Hal yang menyangkut, hukuman fisik bagi
anak-anak, menurut hasil penelitian ini yang meliputi dilema hukuman
fisik terhadap anak-anak, [1][1] yang sudah dilarang oleh UU RI No.23 tahun
2002. Undang-Undang Perlindungan Anak Nomor. 23 tahun 2002 Bab 54
secara tegas menyatakan bahwa, “guru dan siapapun lainnya di
sekolah, dilarang memberikan hukuman fisik, kepada anak-anak.”
Permasalahan
Dari artikel “ Jika Murid Salah,Bolehkah Guru Menghukum “,ada beberapa permasalahan :
1. Perilaku siswa yang di anggap tidak sopan oleh guru Bimbingan dan Penyuluhan karena menuliskan kata-kata jorok di dalam buku sakunya.

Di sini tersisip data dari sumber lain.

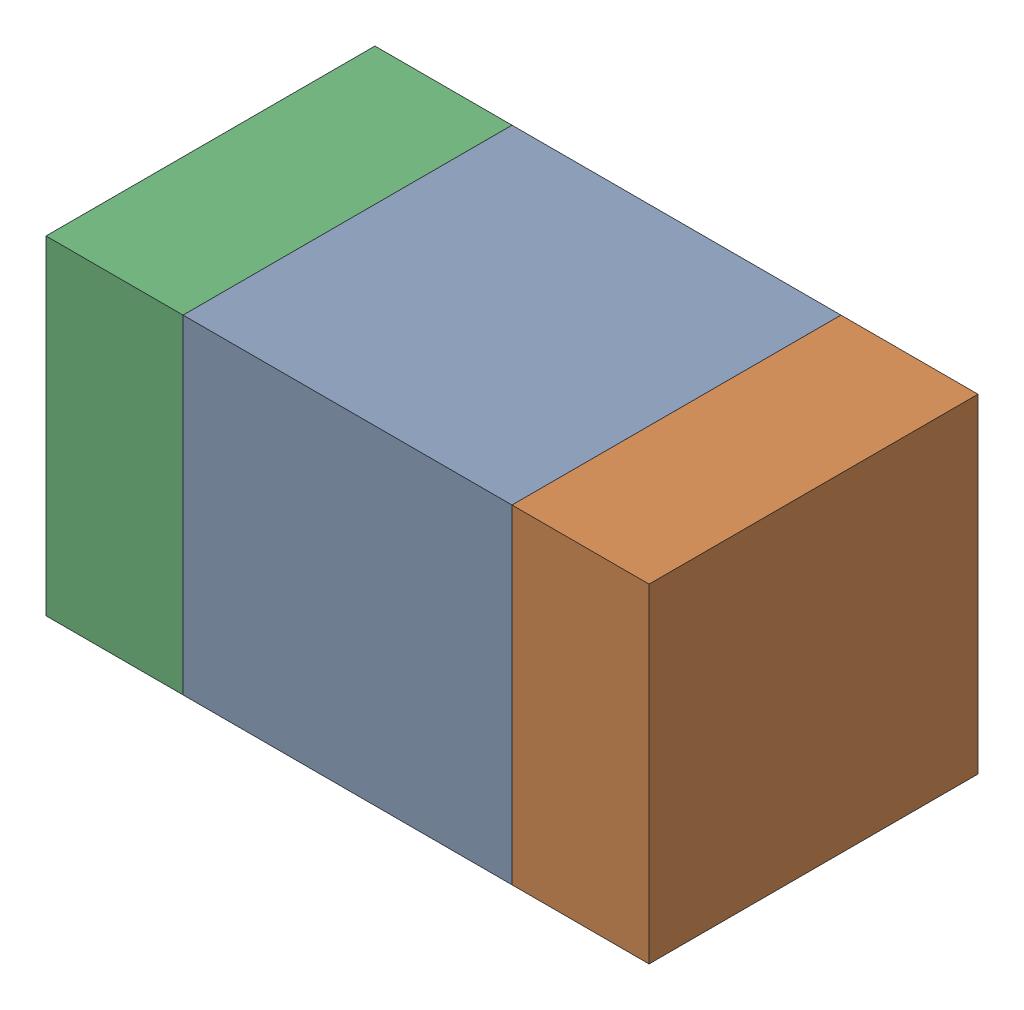
SolidWorks assembly C304_2PCB, configuration Default. Lengths in mm.
Overall size (1.1 0.6 0.6).
6 component instances, 2 part files, 0 mates.
Components (placement in the parent):
- 761606048-1: 761606048 [Default] at (143.4 85.6 0) size (0.6 0.6 0.6)
  - Extruded_9-1: Extruded_9 [Default] at origin size (0.6 0.6 0.6)
- 854785160-1: 854785160 [Default] at (143.825 85.6 0) size (0.25 0.6 0.6)
  - Extruded_19-1: Extruded_19 [Default] at origin size (0.25 0.6 0.6)
- 854785160-2: 854785160 [Default] at (142.975 85.6 0) size (0.25 0.6 0.6)
  - Extruded_19-1: Extruded_19 [Default] at origin size (0.25 0.6 0.6)
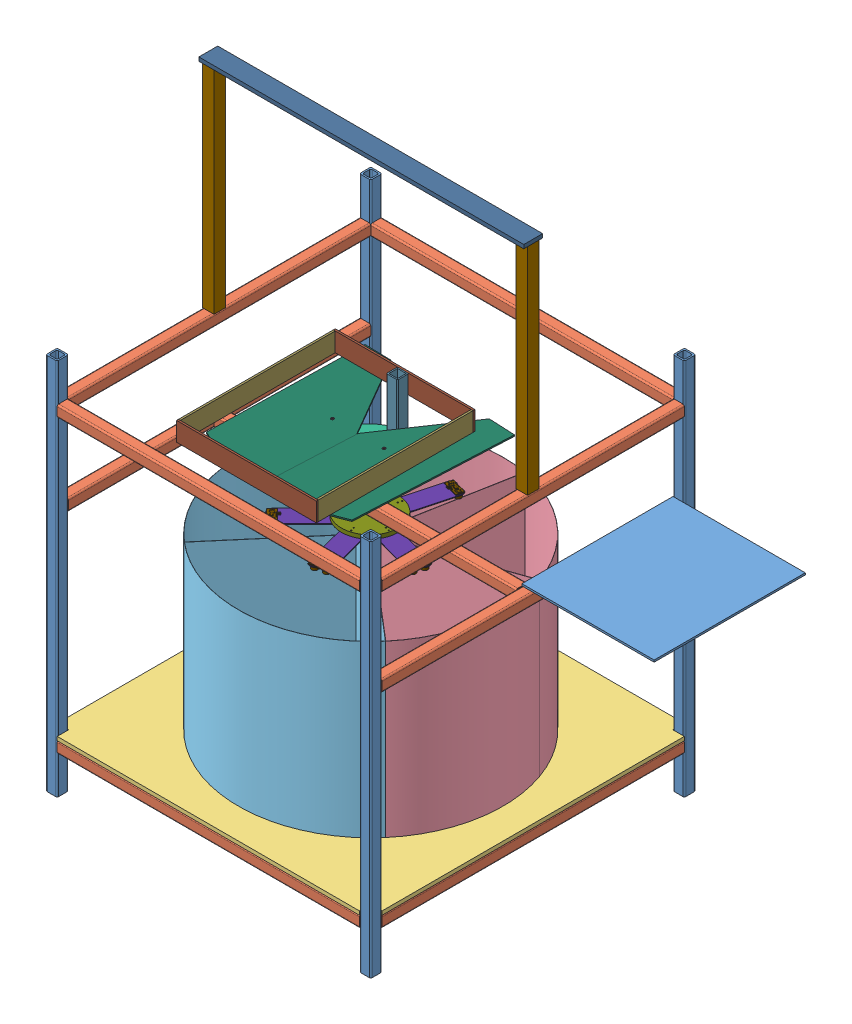
SolidWorks assembly Assem1, configuration Default. Lengths in mm.
Overall size (1243.66 1480 923.66).
50 component instances, 19 part files, 136 mates.
Components (placement in the parent):
- Bar_2-1: Bar_2 [Default] at (302.6173 -40.2152 847.0391) size (30 1000 30)
- Bar_2-2: Bar_2 [Default] at (302.6173 -40.2152 17.0391) size (30 1000 30)
- bar-2: bar [Default] at (1117.6173 74.7848 847.0391) x (0 1 0) z (0 0 1) size (30 800 30)
- Bar_2-5: Bar_2 [Default] at (1132.6173 -40.2152 847.0391) x (-1 0 0) z (0 0 -1) size (30 1000 30)
- bar-6: bar [Default] at (1132.6173 74.7848 32.0391) x (0 1 0) z (1 0 0) size (30 800 30)
- Bar_2-8: Bar_2 [Default] at (1132.6173 -40.2152 17.0391) x (0 0 1) z (-1 0 0) size (30 1000 30)
- bar-8: bar [Default] at (302.6173 74.7848 32.0391) x (0 -1 0) z (-1 0 0) size (30 800 30)
- bar-10: bar [Default] at (317.6173 74.7848 17.0391) x (0 1 0) z (0 0 -1) size (30 800 30)
- bar-12: bar [Default] at (317.6173 844.7848 847.0391) x (0 1 0) z (0 0 -1) size (30 800 30)
- bar-14: bar [Default] at (302.6173 844.7848 32.0391) x (0 1 0) z (1 0 0) size (30 800 30)
- bar-16: bar [Default] at (317.6173 844.7848 17.0391) x (0 1 0) z (0 0 -1) size (30 800 30)
- bar-18: bar [Default] at (1132.6173 844.7848 32.0391) x (0 1 0) z (1 0 0) size (30 800 30)
- bar-20: bar [Default] at (1117.6173 74.7848 287.0391) x (0 1 0) z (0 0 1) size (30 800 30)
- bar-22: bar [Default] at (1117.6173 74.7848 577.0391) x (0 -1 0) z (0 0 -1) size (30 800 30)
- bar-24: bar [Default] at (302.6173 614.7848 32.0391) x (0 1 0) z (1 0 0) size (30 800 30)
- bar-26: bar [Default] at (1132.6173 614.7848 832.0391) x (0 -1 0) z (1 0 0) size (30 800 30)
- sheet-1: sheet [Default] at (717.6173 89.7848 432.0391) size (860 10 860)
- Bin_Compart-1: Bin_Compart [Default] at (717.6173 99.7848 432.0391) x (0.181338 0 -0.983421) z (0.983421 0 0.181338) size (350.18 450 336.32)
- Bin_Compart-2: Bin_Compart [Default] at (717.6173 99.7848 432.0391) x (-0.942336 0 0.334667) z (-0.334667 0 -0.942336) size (350.18 450 336.32)
- Bin_Compart-3: Bin_Compart [Default] at (717.6173 99.7848 432.0391) x (-0.760999 0 -0.648753) z (0.648753 0 -0.760999) size (350.18 450 336.32)
- Part2-2: Part2 [Default] at (717.6173 99.7848 432.0391) x (-0.760999 0 -0.648753) z (0.648753 0 -0.760999) size (350.18 450 350.18)
- Disc-2: Disc [Default] at (716.3673 725.3848 433.2891) size (200 5 200)
- bar-27: bar [Default] at (317.6173 614.7848 432.0391) x (0 0 1) z (0 1 0) size (30 800 30)
- Stepper motor NEMA 23HS7430-1: Stepper motor NEMA 23HS7430 [По умолчанию] at (716.3673 709.7848 433.2891) x (1 0 0) z (0 -1 0) size (58.4 56.4 95.6)
- mount-1: mount [Default] at (742.6173 634.7848 457.0391) x (0 0 1) z (0 -1 0) size (50 50 5)
- bAR1-1: bAR1 [Default] at (1132.6173 1173.2848 432.0391) x (1 0 0) z (0 0 -1) size (30 570 30)
- bAR1-2: bAR1 [Default] at (302.6173 1173.2848 432.0391) x (1 0 0) z (0 0 -1) size (30 570 30)
- camera mount-1: camera mount [Default] at (287.6173 1439.7848 457.0391) x (0 0 -1) z (-1 0 0) size (50 10 860)
- Wall_1-1: Wall_1 [Default] at (530.859 829.3848 339.3531) x (0 -1 0) z (-1 0 0) size (50 5 370)
- wall_2-1: wall_2 [Default] at (535.859 879.3848 754.3531) x (1 0 0) z (0 0 -1) size (5 50 410)
- wall_2-2: wall_2 [Default] at (900.859 879.3848 754.3531) x (1 0 0) z (0 0 -1) size (5 50 410)
- Wall_1-2: Wall_1 [Default] at (900.859 829.3848 759.3531) x (0 -1 0) z (1 0 0) size (50 5 370)
- Part2-3: Part2 [Default] at (717.6173 99.7848 432.0391) x (0.648753 0 -0.760999) z (0.760999 0 0.648753) size (350.18 450 350.18)
- ft6560m 60kg.cm.step-5: ft6560m 60kg.cm.step [Default] at (784.8673 771.3848 446.4174) x (-1 0 0) z (0 0 -1) size (30 64 82)
- ft6560m 60kg.cm.step-6: ft6560m 60kg.cm.step [Default] at (647.8673 771.3848 446.4174) x (-1 0 0) z (0 0 -1) size (30 64 82)
- wall holder-2: wall holder [Default] at (715.859 879.3848 359.3531) x (0 0 -1) z (-1 0 0) size (30 150 30)
- flaps-3: flaps [Default] at (824.4567 792.4598 498.9645) x (-0.998861 0 -0.047712) z (0.047712 0 -0.998861) size (200 3.5 456.77)
- flaps-4: flaps [Default] at (605.9536 792.8098 496.1488) x (0.999772 0 0.021336) z (0.021336 0 -0.999772) size (200 3.5 456.77)
- UltraHolder-1: UltraHolder [Default] at (716.3673 589.7848 433.2891) x (-0.981254 0 0.19272) z (-0.19272 0 -0.981254) size (150 10 150)
- HC-SR04 Ultrasonic Sensor Holder-2: HC-SR04 Ultrasonic Sensor Holder [Default] at (733.5127 587.7848 594.4219) x (0 1 0) z (0.966613 0 -0.256242) size (2 150 50)
- HC-SR04 Ultrasonic Sensor Holder-3: HC-SR04 Ultrasonic Sensor Holder [Default] at (864.4113 587.7848 498.71) x (0 1 0) z (0.261394 0 -0.965232) size (2 150 50)
- HC-SR04 Ultrasonic Sensor Holder-4: HC-SR04 Ultrasonic Sensor Holder [Default] at (585.2984 587.7848 528.3994) x (0 1 0) z (0.705219 0 0.70899) size (2 150 50)
- HC-SR04 Ultrasonic Sensor Holder-5: HC-SR04 Ultrasonic Sensor Holder [Default] at (782.3211 587.7848 285.3868) x (0 1 0) z (-0.965232 0 -0.261394) size (2 150 50)
- HC-SR04 Ultrasonic Sensor Holder-7: HC-SR04 Ultrasonic Sensor Holder [Default] at (568.9979 587.7848 367.477) x (0 1 0) z (-0.261394 0 0.965232) size (2 150 50)
- HCSR04 Ultrasonic Sensor-1: HCSR04 Ultrasonic Sensor [Default] at (764.2023 591.2848 256.6516) x (-0.965232 0 -0.261394) z (0 -1 0) size (45 26.6 18)
- HCSR04 Ultrasonic Sensor-2: HCSR04 Ultrasonic Sensor [Default] at (540.2627 591.2848 385.5958) x (-0.261394 0 0.965232) z (0 -1 0) size (45 26.6 18)
- HCSR04 Ultrasonic Sensor-4: HCSR04 Ultrasonic Sensor [Default] at (586.6221 591.2848 562.3442) x (0.705219 0 0.70899) z (0 -1 0) size (45 26.6 18)
- HCSR04 Ultrasonic Sensor-6: HCSR04 Ultrasonic Sensor [Default] at (763.5715 591.2848 610.2479) x (0.966613 0 -0.256242) z (0 -1 0) size (45 26.6 18)
- HCSR04 Ultrasonic Sensor-8: HCSR04 Ultrasonic Sensor [Default] at (893.1465 591.2848 480.5912) x (0.261394 0 -0.965232) z (0 -1 0) size (45 26.6 18)
- electronic holder-1: electronic holder [Default] at (1310.1173 632.0348 212.0391) size (350 5 400)
Mates (geometry in assembly coordinates):
- Coincident1: coincident anti-aligned: plane of Bar_2-1 through (317.6173 959.7848 836.0391) normal (1 0 0); plane of bar-2 through (317.6173 85.7848 836.0391) normal (-1 0 0)
- Width1: width anti-aligned: plane of bar-2 through (317.6173 85.7848 862.0391) normal (0 0 1); plane of bar-2 through (317.6173 85.7848 832.0391) normal (0 0 -1); plane of Bar_2-1 through (313.6173 959.7848 832.0391) normal (0 0 -1); plane of Bar_2-1 through (313.6173 959.7848 862.0391) normal (0 0 1)
- Distance1: distance = 100 mm: line of bar-2 through (317.6173 59.7848 836.0391) axis (0 0 1); line of Bar_2-1 through (317.6173 -40.2152 858.0391) axis (0 0 -1)
- Coincident2: coincident anti-aligned: plane of bar-2 through (1117.6173 85.7848 836.0391) normal (1 0 0); plane of Bar_2-5 through (1117.6173 959.7848 858.0391) normal (-1 0 0)
- Width2: width anti-aligned: plane of bar-2 through (317.6173 85.7848 832.0391) normal (0 0 -1); plane of bar-2 through (317.6173 85.7848 862.0391) normal (0 0 1); plane of Bar_2-5 through (1121.6173 959.7848 862.0391) normal (0 0 1); plane of Bar_2-5 through (1121.6173 959.7848 832.0391) normal (0 0 -1)
- Distance2: distance = 100 mm: line of bar-2 through (1117.6173 59.7848 836.0391) axis (0 0 1); line of Bar_2-5 through (1117.6173 -40.2152 836.0391) axis (0 0 1)
- Coincident5: coincident anti-aligned: plane of Bar_2-5 through (1121.6173 959.7848 832.0391) normal (0 0 -1); plane of bar-6 through (1121.6173 85.7848 832.0391) normal (0 0 1)
- Width3: width anti-aligned: plane of bar-6 through (1147.6173 85.7848 832.0391) normal (1 0 0); plane of bar-6 through (1117.6173 85.7848 832.0391) normal (-1 0 0); plane of Bar_2-5 through (1117.6173 959.7848 858.0391) normal (-1 0 0); plane of Bar_2-5 through (1147.6173 959.7848 858.0391) normal (1 0 0)
- Distance3: distance = 100 mm: line of bar-6 through (1121.6173 59.7848 832.0391) axis (1 0 0); line of Bar_2-5 through (1143.6173 -40.2152 832.0391) axis (-1 0 0)
- Coincident6: coincident anti-aligned: plane of bar-6 through (1121.6173 85.7848 32.0391) normal (0 0 -1); plane of Bar_2-8 through (1143.6173 959.7848 32.0391) normal (0 0 1)
- Width4: width anti-aligned: plane of bar-6 through (1117.6173 85.7848 832.0391) normal (-1 0 0); plane of bar-6 through (1147.6173 85.7848 832.0391) normal (1 0 0); plane of Bar_2-8 through (1147.6173 959.7848 28.0391) normal (1 0 0); plane of Bar_2-8 through (1117.6173 959.7848 28.0391) normal (-1 0 0)
- Distance6: distance = 100 mm: line of Bar_2-8 through (1121.6173 -40.2152 32.0391) axis (1 0 0); line of bar-6 through (1121.6173 59.7848 32.0391) axis (1 0 0)
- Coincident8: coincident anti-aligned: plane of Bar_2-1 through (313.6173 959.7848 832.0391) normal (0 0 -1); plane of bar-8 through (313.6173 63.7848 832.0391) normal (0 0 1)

2. Hukuman yang diberikan oleh guru terhadap siswa yang dianggap melanggar tata krama.
3. Hukuman fisik yang dilakukan oleh guru berupa penamparan sebagai upaya untuk mendiskripsikan anak.
Dari artikel “ Jika Murid Salah,Bolehkah Guru Menghukum “,ada beberapa permasalahan :
1. Perilaku siswa yang di anggap tidak sopan oleh guru Bimbingan dan Penyuluhan karena menuliskan kata-kata jorok di dalam buku sakunya.
2. Hukuman yang diberikan oleh guru terhadap siswa yang dianggap melanggar tata krama.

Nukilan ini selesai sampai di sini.